## How to complete this task
Leave every picture out and give back the lines below from the first through the line that holds "mm + 0.2 mm", exactly as written.

=== Begin Enclosure ===

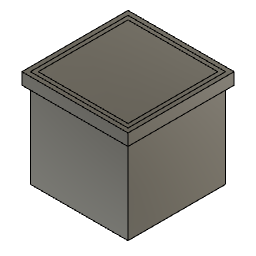
box (Autodesk Fusion 360 design; units mm, degrees)
Autodesk Fusion 360 part; units mm, degrees
sketch "Sketch1" plane through (0, 0, 0) normal (0, 0, 1) x (1, 0, 0)
  line L0 (25, -25) -> (-25, -25)
  line L1 (-25, -25) -> (-25, 25)
  line L2 (-25, 25) -> (25, 25)
  line L3 (25, 25) -> (25, -25)
  line L4 (25, -25) -> (-25, 25) construction
  line L5 (-25, -25) -> (25, 25) construction
  dimension "d1" = 50
  dimension "d2" = 50
  constraint horizontal L0
  constraint perpendicular L0 L1
  constraint parallel L0 L2
  constraint parallel L1 L3
  constraint coincident L4 origin
  constraint coincident L5 origin
  measures "d1" distance of L0.end L1.end
  measures "d2" distance of L1.end L2.end
extrude "Extrude1" add sketch "Sketch1" along normal blind 50 makes body 1
shell "Shell1" thickness 2 removed faces 1 at (8.3333, -8.3333, 50) on bodies 1
sketch "Sketch3" plane through (0, 0, 50) normal (0, 0, 1) x (-1, 0, 0)
  line L0 (-23, -23) -> (-23, 23)
  line L1 (-23, 23) -> (23, 23)
  line L2 (23, 23) -> (23, -23)
  line L3 (23, -23) -> (-23, -23)
  line L4 (-25, -25) -> (25, -25)
  line L5 (25, -25) -> (25, 25)
  line L6 (25, 25) -> (-25, 25)
  line L7 (-25, 25) -> (-25, -25)
  line L8 (-25, -25) -> (-25, 25) construction
  line L9 (-25, 25) -> (25, 25) construction
  line L10 (25, 25) -> (25, -25) construction
  line L11 (25, -25) -> (-25, -25) construction
  line L12 (27.2, 27.2) -> (27.2, -27.2)
  line L13 (27.2, -27.2) -> (-27.2, -27.2)
  line L14 (-27.2, -27.2) -> (-27.2, 27.2)
  line L15 (-27.2, 27.2) -> (27.2, 27.2)
  dimension "d10" = -2.2
extrude "Extrude3" add sketch "Sketch3" against normal blind 6 separate body contours L0 L1 L2 L3 | L4 L5 L6 L7 | L12 L13 L14 L15 makes body 2
shell "Shell3" thickness 2 removed faces 1 at (-9.0667, 9.0667, 44) on bodies 2
sketch "Sketch2" plane through (0, 0, 50) normal (0, 0, 1) x (-1, 0, 0)
  line L0 (27.2, -27.2) -> (-27.2, -27.2)
  line L1 (-27.2, -27.2) -> (-27.2, 27.2)
  line L2 (-27.2, 27.2) -> (27.2, 27.2)
  line L3 (27.2, 27.2) -> (27.2, -27.2)
extrude "Extrude2" [rolled back] along distance -6 taper angle 0
shell "Shell2" [rolled back] inner thickness 2
move_body "Move1" [rolled back]
equation "d10 = -( 2 mm + 0.2 mm )"
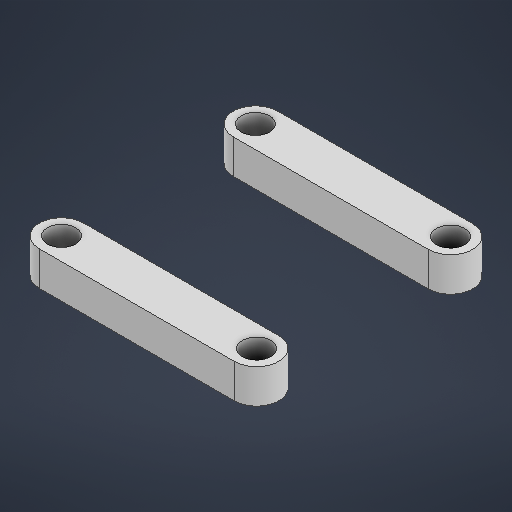
# Autodesk Inventor part: innerBar
Saved by Autodesk Inventor 2026.2 (Build 302298000, 298)
## iProperties
Created: 2026-04-07
Part Number: innerBar
Material: Generic
Document SubType Name: Modeling
Designer: Brian Wang
Density: 1 g/cm^3
Appearance: Default
Author: Brian Wang
Autodesk Inventor part; units mm, degrees
ref_plane "YZ Plane" through (0, 0, 0) normal (1, 0, 0) x (0, 1, 0)
ref_plane "XZ Plane" through (0, 0, 0) normal (0, 1, 0) x (-1, 0, 0)
ref_plane "XY Plane" through (0, 0, 0) normal (0, 0, 1) x (1, 0, 0)
sketch "Sketch1" plane through (0, 0, 0) normal (0, 1, 0) x (-1, 0, 0)
  circle A0 centre (27.2044, 41.0921) radius 2.075
  circle A1 centre (27.2044, 12.7622) radius 2.075
  arc A2 (27.2044, 37.8421) -> (27.2044, 44.3421) centre (27.2044, 41.0921) ccw
  arc A3 (27.2044, 9.5122) -> (27.2044, 16.0122) centre (27.2044, 12.7622) ccw
  circle A4 centre (-1.2956, 41.0921) radius 2.075
  circle A5 centre (-1.2956, 12.7622) radius 2.075
  arc A6 (-1.2956, 44.3421) -> (-1.2956, 37.8421) centre (-1.2956, 41.0921) ccw
  arc A7 (-1.2956, 16.0122) -> (-1.2956, 9.5122) centre (-1.2956, 12.7622) ccw
  line L0 (27.2044, 44.3421) -> (-1.2956, 44.3421)
  line L1 (27.2044, 37.8421) -> (-1.2956, 37.8421)
  line L2 (27.2044, 16.0122) -> (-1.2956, 16.0122)
  line L3 (27.2044, 9.5122) -> (-1.2956, 9.5122)
  point P0 (0, 0)
  dimension "d0" = 4.15
  dimension "d1" = 4.15
  dimension "d2" = 6.5
  dimension "d3" = 4.15
  dimension "d4" = 4.15
  dimension "d5" = 6.5
  dimension "d6" = 28.5
  constraints: 8 centre point, 8 end point, 8 point on circle, 4 coincident, 4 tangent, 2 horizontal alignment, 2 vertical alignment
  measures "d0" diameter of A0
  measures "d1" diameter of A1
  measures "d2" diameter of A2
  measures "d3" diameter of A4
  measures "d4" diameter of A5
  measures "d5" diameter of A6
  measures "d6" distance of A4.centre A0.centre
extrude "Extrusion1" add sketch "Sketch1" along normal blind 5
body "Solid1"
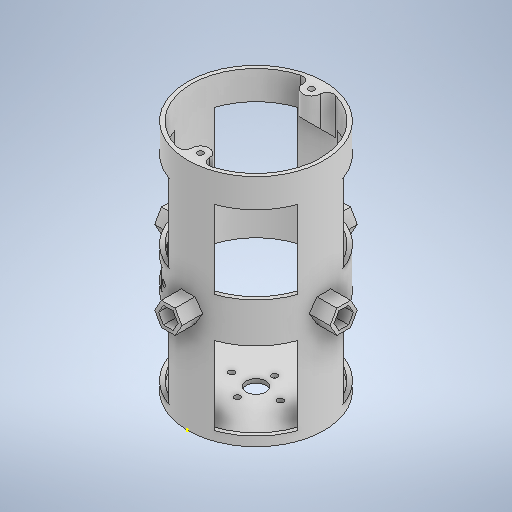
# Autodesk Inventor part: main_body
Saved by Autodesk Inventor 2025.3 (Build 293356000, 356)
## iProperties
Created: 2025-04-16
Part Number: main_body
Material: Generic
Document SubType Name: Modeling
Designer: Owner
Density: 1 g/cm^3
Appearance: Default
Author: Owner
Autodesk Inventor part; units mm, degrees
ref_plane "XZ Plane" through (0, 0, 0) normal (0, 1, 0) x (-1, 0, 0)
sketch "Sketch1" plane through (0, 0, 0) normal (0, 1, 0) x (-1, 0, 0)
  circle A0 centre (0, 0) radius 35
  dimension "d0" = 70
  constraints: 1 centre point, 1 coincident
  measures "d0" diameter of A0
extrude "Extrusion1" add sketch "Sketch1" along normal blind 120
shell "Shell1" thickness 2 removed faces 1 at (1.9985, 120, 11.019)
sketch "Sketch4" plane through (0, 120, 0) normal (0, 1, 0) x (1, 0, 0)
  circle A0 centre (0, 28.5) radius 4.5
  circle A1 centre (0, 0) radius 33 projected
  circle A2 centre (0, 28.5) radius 1.5
  line L0 (4.5, 28.5) -> (4.5, 32.6917)
  line L1 (0, 49) -> (0, -49) projected
  line L2 (-4.5, 28.5) -> (-4.5, 32.6917)
  point P0 (0, 33)
  dimension "d15" = 9
  dimension "d16" = 3
  constraints: 4 end point, 4 point on circle, 2 centre point, 2 tangent, 2 vertical, 1 coincident, 1 point on line
  measures "d15" diameter of A0
  measures "d16" diameter of A2
extrude "Extrusion2" add sketch "Sketch4" against normal blind 20 separate body contours A0 L1 A2 | A0 A1 L0 | L1 A2 A0 | A0 L2 A1
sketch "Sketch5" plane through (0, 0, 0) normal (1, 0, 0) x (0, 1, 0)
  line L0 (2, -33) -> (120, -33) projected
  line L1 (109, -24) -> (100, -33)
  line L2 (100, -24) -> (100, -28.5) projected
  line L3 (100, -33) -> (100, -24)
  line L4 (100, -24) -> (109, -24)
  point P0 (0, 0)
  point P1 (105.4104, -33)
  point P2 (130, -33)
  dimension "d60" = 45
  constraints: 6 end point, 3 point on line, 1 perpendicular, 1 vertical
  measures "d60" angle of L3 L1
extrude "Extrusion3" cut sketch "Sketch5" along normal mid plane 10 bodies 2
mirror "Mirror2" about plane through (0, 0, 0) normal (0, 0, 1) of "Extrusion3", "Extrusion2" bodies 2
combine bodies "Combine2" operation type add bodies to combine 2 1
sketch "Sketch6" plane through (0, 0, 0) normal (0, -1, 0) x (1, 0, 0)
  circle A0 centre (0, 9.5) radius 1.55
  circle A1 centre (0, -9.5) radius 1.55
  circle A2 centre (-12.5, 0) radius 1.55
  circle A3 centre (12.5, 0) radius 1.55
  circle A4 centre (0, 0) radius 20
  line L0 (0, 0) -> (14.1421, -14.1421)
  line L1 (0, -49) -> (0, 49) projected
  circle A5 centre (14.1421, -14.1421) radius 5
  circle A6 centre (0, 0) radius 5
  dimension "d69" = 40
  dimension "d35" = 3.1
  dimension "d36" = 3.1
  dimension "d37" = 3.1
  dimension "d38" = 3.1
  dimension "d39" = 19
  dimension "d40" = 25
  dimension "d41" = 9.5
  dimension "d42" = 12.5
  dimension "d71" = 45
  dimension "d72" = 10
  dimension "d73" = 10
  constraints: 6 centre point, 3 coincident, 2 end point, 3 other
  measures "d35" diameter of A0
  measures "d36" diameter of A1
  measures "d37" diameter of A2
  measures "d38" diameter of A3
  measures "d39" distance of A0.centre A1.centre
  measures "d40" distance of A2.centre A3.centre
  measures "d41" distance of point (0, 0) A0.centre
  measures "d42" distance of A3.centre point (0, 0)
  measures "d71" angle of L1 L0
  measures "d72" diameter of A5
  measures "d73" diameter of A6
extrude "Extrusion4" cut sketch "Sketch6" against normal through all contours A0 L1 | L1 A0 | A6 L0 L1 | L1 A6 | L0 A6 L1 | A5 A4 | A4 L0 A5 | A5 L0 A4 | L1 A1 | A1 L1 | A2 | A3 bodies 2
ref_plane "Work Plane1" through (0, 0, 35) normal (0, 0, 1) x (1, 0, 0)
sketch "Sketch7" plane through (0, 0, 35) normal (0, 0, 1) x (1, 0, 0)
  point P0 (0, 0)
sketch "Sketch8" plane through (0, 0, 35) normal (0, 0, 1) x (1, 0, 0)
  line L0 (2.5, 59.3301) -> (5, 55)
  line L1 (5, 55) -> (2.5, 50.6699)
  line L2 (2.5, 50.6699) -> (-2.5, 50.6699)
  line L3 (-2.5, 50.6699) -> (-5, 55)
  line L4 (-5, 55) -> (-2.5, 59.3301)
  line L5 (-2.5, 59.3301) -> (2.5, 59.3301)
  line L6 (35, 0) -> (-35, 0) projected
  line L7 (7, 55) -> (3.5, 48.9378)
  line L8 (3.5, 48.9378) -> (-3.5, 48.9378)
  line L9 (-3.5, 48.9378) -> (-7, 55)
  line L10 (-7, 55) -> (-3.5, 61.0622)
  line L11 (-3.5, 61.0622) -> (3.5, 61.0622)
  line L12 (3.5, 61.0622) -> (7, 55)
  point P0 (0, 0)
  point P1 (0, 55)
  point P2 (0, 55)
  point P3 (0, 48.9378)
  point P4 (0, 61.0622)
  dimension "d46" = 55
  dimension "d65" = 10
  dimension "d66" = 14
  constraints: 24 end point, 2 midpoint, 2 parallel, 1 coincident, 26 other
  measures "d46" distance from line of L6 point (0, 55)
  measures "d65" distance of L3.end L0.end
  measures "d66" distance of L9.end L7.start
extrude "Extrusion5" add sketch "Sketch8" against normal up to surface round surface about axis through (0, 0, 0) along (0, 1, 0) radius 35 far side no bodies 2
ref_plane "Work Plane2" through (0, 0, 0) normal (-0.7071068, 0, 0.7071068) x (0, -1, 0)
ref_plane "Work Plane3" through (-24.7487, 0, 24.7487) normal (-0.7071068, 0, 0.7071068) x (0, -1, 0)
sketch "Sketch10" plane through (-24.7487, 0, 24.7487) normal (-0.7071068, 0, 0.7071068) x (0, -1, 0)
  line L0 (-49.5, 7.75) -> (-60.5, 7.75)
  line L1 (-60.5, 7.75) -> (-60.5, -7.75)
  line L2 (-60.5, -7.75) -> (-49.5, -7.75)
  line L3 (-49.5, -7.75) -> (-49.5, 7.75)
  line L4 (-49.5, 7.75) -> (-60.5, -7.75) construction
  line L5 (-60.5, 7.75) -> (-49.5, -7.75) construction
  circle A0 centre (-55, -10.25) radius 2.5
  circle A1 centre (-55, -10.25) radius 1.5
  line L6 (12.1, 0) -> (-72.6, 0) projected
  circle A2 centre (-55, 10.25) radius 2.5
  circle A3 centre (-55, 10.25) radius 1.5
  line L7 (0, 35) -> (0, -35) projected
  point P0 (0, 0)
  point P1 (-55, 0)
  dimension "d54" = 11
  dimension "d55" = 15.5
  dimension "d56" = 5
  dimension "d57" = 3
  dimension "d67" = 55
  dimension "d68" = 55
  constraints: 12 end point, 4 centre point, 2 coincident, 2 midpoint, 2 parallel, 2 symmetric about line, 1 horizontal, 1 perpendicular, 1 point on line, 1 tangent, 2 other
  measures "d54" distance of L2.end L1.end
  measures "d55" distance of L1.end L0.end
  measures "d56" diameter of A0
  measures "d57" diameter of A1
  measures "d67" distance of point (0, 0) point (-55, 0)
  measures "d68" distance from line of L7 A0.centre
extrude "Extrusion7" cut sketch "Sketch10" against normal up to surface contours L3 L6 L1 L0 | L3 L2 L1 L6 | A1 | A3 round surface about axis through (0, 0, 0) along (0, 1, 0) radius 33 far side no bodies 2
fillet "Face Fillet13" radius 3.42 1 edges at (4.5, 110.1541, -32.6917)
fillet "Face Fillet14" radius 3.42 1 edges at (4.5, 110.1541, 32.6917)
fillet "Face Fillet15" radius 3.42 1 edges at (-4.5, 110.1541, -32.6917)
fillet "Face Fillet16" radius 3.42 1 edges at (-4.5, 110.1541, 32.6917)
sketch "Sketch13" plane through (-24.7487, 0, 24.7487) normal (-0.7071068, 0, 0.7071068) x (0, -1, 0)
  line L0 (-65.25, -15) -> (-105.25, -15)
  line L1 (-105.25, -15) -> (-105.25, 15)
  line L2 (-105.25, 15) -> (-65.25, 15)
  line L3 (-65.25, 15) -> (-65.25, -15)
  line L4 (-65.25, -15) -> (-105.25, 15) construction
  line L5 (-105.25, -15) -> (-65.25, 15) construction
  line L6 (-60.5, 7.75) -> (-60.5, -7.75) projected
  line L7 (-4.75, -15) -> (-44.75, -15)
  line L8 (-44.75, -15) -> (-44.75, 15)
  line L9 (-44.75, 15) -> (-4.75, 15)
  line L10 (-4.75, 15) -> (-4.75, -15)
  line L11 (-4.75, -15) -> (-44.75, 15) construction
  line L12 (-44.75, -15) -> (-4.75, 15) construction
  line L13 (-49.5, -7.75) -> (-49.5, 7.75) projected
  ellipse E0 centre (-104.5, 25.7528) end of major axis (-101.3403, 28.9125) minor radius 1.8509 (-104.5, 23.3345) -> (-101.2049, 28.7303) ccw projected
  ellipse E1 centre (-104.5, 20.1525) end of major axis (-108.6575, 15.9951) minor radius 2.4354 (-104.5, 23.3345) -> (-104.5, 16.9706) ccw projected
  ellipse E2 centre (-104.5, 14.5523) end of major axis (-101.3403, 17.7119) minor radius 1.8509 (-101.2049, 16.2348) -> (-104.5, 16.9706) ccw projected
  line L14 (21.05, 0) -> (-126.3, 0) projected
  point P0 (0, 0)
  point P1 (-85.25, 0)
  point P2 (-24.75, 0)
  dimension "d78" = 40
  dimension "d79" = 30
  dimension "d80" = 4.75
  dimension "d81" = 40
  dimension "d82" = 30
  dimension "d83" = 4.75
  constraints: 24 end point, 4 midpoint, 4 parallel, 2 horizontal, 2 perpendicular, 2 point on line, 3 other
  measures "d78" distance of L1.end L2.end
  measures "d79" distance of L0.end L1.end
  measures "d80" distance between parallel lines of L6 L3
  measures "d81" distance of L8.end L9.end
  measures "d82" distance of L7.end L8.end
  measures "d83" distance between parallel lines of L13 L8
extrude "Extrusion10" cut sketch "Sketch13" against normal up to surface round surface about axis through (0, 0, 0) along (0, 1, 0) radius 33 far side no bodies 2
sketch "Sketch12" plane through (0, 0, 35) normal (0, 0, 1) x (1, 0, 0)
  line L0 (0, 59.3301) -> (-2.5, 59.3301) projected
  line L1 (-2.5, 59.3301) -> (-5, 55) projected
  line L2 (-5, 55) -> (-2.5, 50.6699) projected
  line L3 (-2.5, 50.6699) -> (0, 50.6699) projected
  line L4 (0, 50.6699) -> (2.5, 50.6699) projected
  line L5 (2.5, 50.6699) -> (5, 55) projected
  line L6 (5, 55) -> (2.5, 59.3301) projected
  line L7 (2.5, 59.3301) -> (0, 59.3301) projected
  line L8 (0, 50.6699) -> (-2.5, 50.6699) projected
  line L9 (-2.5, 50.6699) -> (-5, 55) projected
  line L10 (-5, 55) -> (-2.5, 59.3301) projected
  line L11 (-2.5, 59.3301) -> (0, 59.3301) projected
  line L12 (0, 59.3301) -> (2.5, 59.3301) projected
  line L13 (2.5, 59.3301) -> (5, 55) projected
  line L14 (5, 55) -> (2.5, 50.6699) projected
  line L15 (2.5, 50.6699) -> (0, 50.6699) projected
  line L16 (0, 48.9378) -> (3.5, 48.9378) projected
  line L17 (3.5, 48.9378) -> (7, 55) projected
  line L18 (7, 55) -> (3.5, 61.0622) projected
  line L19 (3.5, 61.0622) -> (0, 61.0622) projected
  line L20 (0, 61.0622) -> (-3.5, 61.0622) projected
  line L21 (-3.5, 61.0622) -> (-7, 55) projected
  line L22 (-7, 55) -> (-3.5, 48.9378) projected
  line L23 (-3.5, 48.9378) -> (0, 48.9378) projected
  point P0 (0, 0)
extrude "Extrusion9" add sketch "Sketch12" along normal blind 10 bodies 2
mirror "Mirror5" about plane through (0, 0, 0) normal (0, 0, 1) of "Extrusion9", "Extrusion5" bodies 2
mirror "Mirror6" about plane through (0, 0, 0) normal (-0.7071068, 0, 0.7071068) of "Extrusion9", "Extrusion5", "Mirror5" bodies 2
mirror "Mirror7" about plane through (0, 0, 0) normal (-0.7071068, 0, 0.7071068) of "Extrusion10" bodies 2
mirror "Mirror8" about plane through (0, 0, 0) normal (0, 0, 1) of "Extrusion10", "Mirror7" bodies 2
body "Solid2"

=== End Enclosure ===

## Exercise solution
box (Autodesk Fusion 360 design; units mm, degrees)
Autodesk Fusion 360 part; units mm, degrees
sketch "Sketch1" plane through (0, 0, 0) normal (0, 0, 1) x (1, 0, 0)
  line L0 (25, -25) -> (-25, -25)
  line L1 (-25, -25) -> (-25, 25)
  line L2 (-25, 25) -> (25, 25)
  line L3 (25, 25) -> (25, -25)
  line L4 (25, -25) -> (-25, 25) construction
  line L5 (-25, -25) -> (25, 25) construction
  dimension "d1" = 50
  dimension "d2" = 50
  constraint horizontal L0
  constraint perpendicular L0 L1
  constraint parallel L0 L2
  constraint parallel L1 L3
  constraint coincident L4 origin
  constraint coincident L5 origin
  measures "d1" distance of L0.end L1.end
  measures "d2" distance of L1.end L2.end
extrude "Extrude1" add sketch "Sketch1" along normal blind 50 makes body 1
shell "Shell1" thickness 2 removed faces 1 at (8.3333, -8.3333, 50) on bodies 1
sketch "Sketch3" plane through (0, 0, 50) normal (0, 0, 1) x (-1, 0, 0)
  line L0 (-23, -23) -> (-23, 23)
  line L1 (-23, 23) -> (23, 23)
  line L2 (23, 23) -> (23, -23)
  line L3 (23, -23) -> (-23, -23)
  line L4 (-25, -25) -> (25, -25)
  line L5 (25, -25) -> (25, 25)
  line L6 (25, 25) -> (-25, 25)
  line L7 (-25, 25) -> (-25, -25)
  line L8 (-25, -25) -> (-25, 25) construction
  line L9 (-25, 25) -> (25, 25) construction
  line L10 (25, 25) -> (25, -25) construction
  line L11 (25, -25) -> (-25, -25) construction
  line L12 (27.2, 27.2) -> (27.2, -27.2)
  line L13 (27.2, -27.2) -> (-27.2, -27.2)
  line L14 (-27.2, -27.2) -> (-27.2, 27.2)
  line L15 (-27.2, 27.2) -> (27.2, 27.2)
  dimension "d10" = -2.2
extrude "Extrude3" add sketch "Sketch3" against normal blind 6 separate body contours L0 L1 L2 L3 | L4 L5 L6 L7 | L12 L13 L14 L15 makes body 2
shell "Shell3" thickness 2 removed faces 1 at (-9.0667, 9.0667, 44) on bodies 2
sketch "Sketch2" plane through (0, 0, 50) normal (0, 0, 1) x (-1, 0, 0)
  line L0 (27.2, -27.2) -> (-27.2, -27.2)
  line L1 (-27.2, -27.2) -> (-27.2, 27.2)
  line L2 (-27.2, 27.2) -> (27.2, 27.2)
  line L3 (27.2, 27.2) -> (27.2, -27.2)
extrude "Extrude2" [rolled back] along distance -6 taper angle 0
shell "Shell2" [rolled back] inner thickness 2
move_body "Move1" [rolled back]
equation "d10 = -( 2 mm + 0.2 mm )"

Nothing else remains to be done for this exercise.